- [Stored data]:
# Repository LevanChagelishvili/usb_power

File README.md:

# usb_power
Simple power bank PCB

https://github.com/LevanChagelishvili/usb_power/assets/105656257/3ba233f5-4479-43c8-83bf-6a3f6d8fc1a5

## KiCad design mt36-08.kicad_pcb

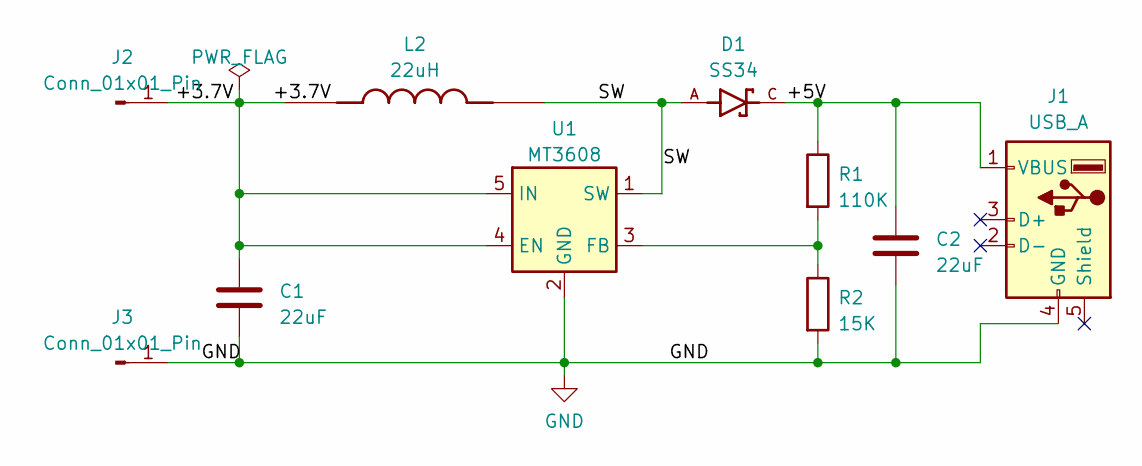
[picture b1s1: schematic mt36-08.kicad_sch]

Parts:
C1, C2: 22uF; C_1206_3216Metric
D1: SS34; DIOM7959X265N; PARTREV 31 Aug 2016
J1: USB_A; USB_A_CONNFLY_DS1095-WNR0
J2, J3: Conn_01x01_Pin; pad
L2: 22uH; L_7.3x7.3_H3.5
R1: 110K; R_0805_2012Metric
R2: 15K; R_0805_2012Metric
U1: MT3608; SOT-23-6

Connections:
/+3.7V: C1.1, J2.1, L2.2, U1.4 (EN), U1.5 (IN)
/+5V: C2.1, D1.C, J1.1 (VBUS), R1.1
/SW: D1.A, L2.1, U1.1 (SW)
GND: C1.2, C2.2, J1.4 (GND), J3.1, R2.2, U1.2 (GND)
unnamed: R1.2, R2.1, U1.3 (FB)

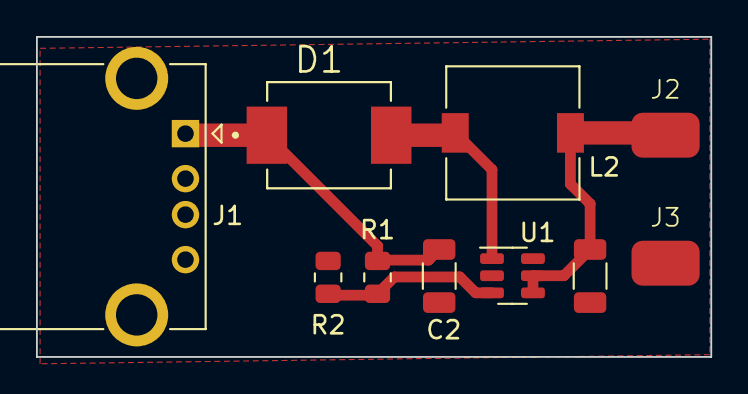
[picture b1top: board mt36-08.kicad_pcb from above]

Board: 2 copper layers, 37.5 x 17.8 mm, 10 parts (0 on the bottom side), 5 nets.

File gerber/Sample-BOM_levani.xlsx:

Comment | Designator | Footprint | JLCPCB Part
22uF | C1 | C_1206_3216Metric | C412630
22uF | C2 | C_1206_3216Metric | C412630
SS34 | D1 | DIOM7959X265N | C2931901
USB_A | J1 | USB_A_CONNFLY_DS1095-WNR0 | C720525
Conn_01x01_Pin | J2 | pad
Conn_01x01_Pin | J3 | pad
22uH | L2 | L_7.3x7.3_H3.5 | C694589
110K | R1 | R_0805_2012Metric | C416064
15K | R2 | R_0805_2012Metric | C416070
MT3608 | U1 | SOT-23-6 | C84817

- [Task to complete]: Return all lines from the data above with "picture" in them.

- [Response]:
[picture b1s1: schematic mt36-08.kicad_sch]
[picture b1top: board mt36-08.kicad_pcb from above]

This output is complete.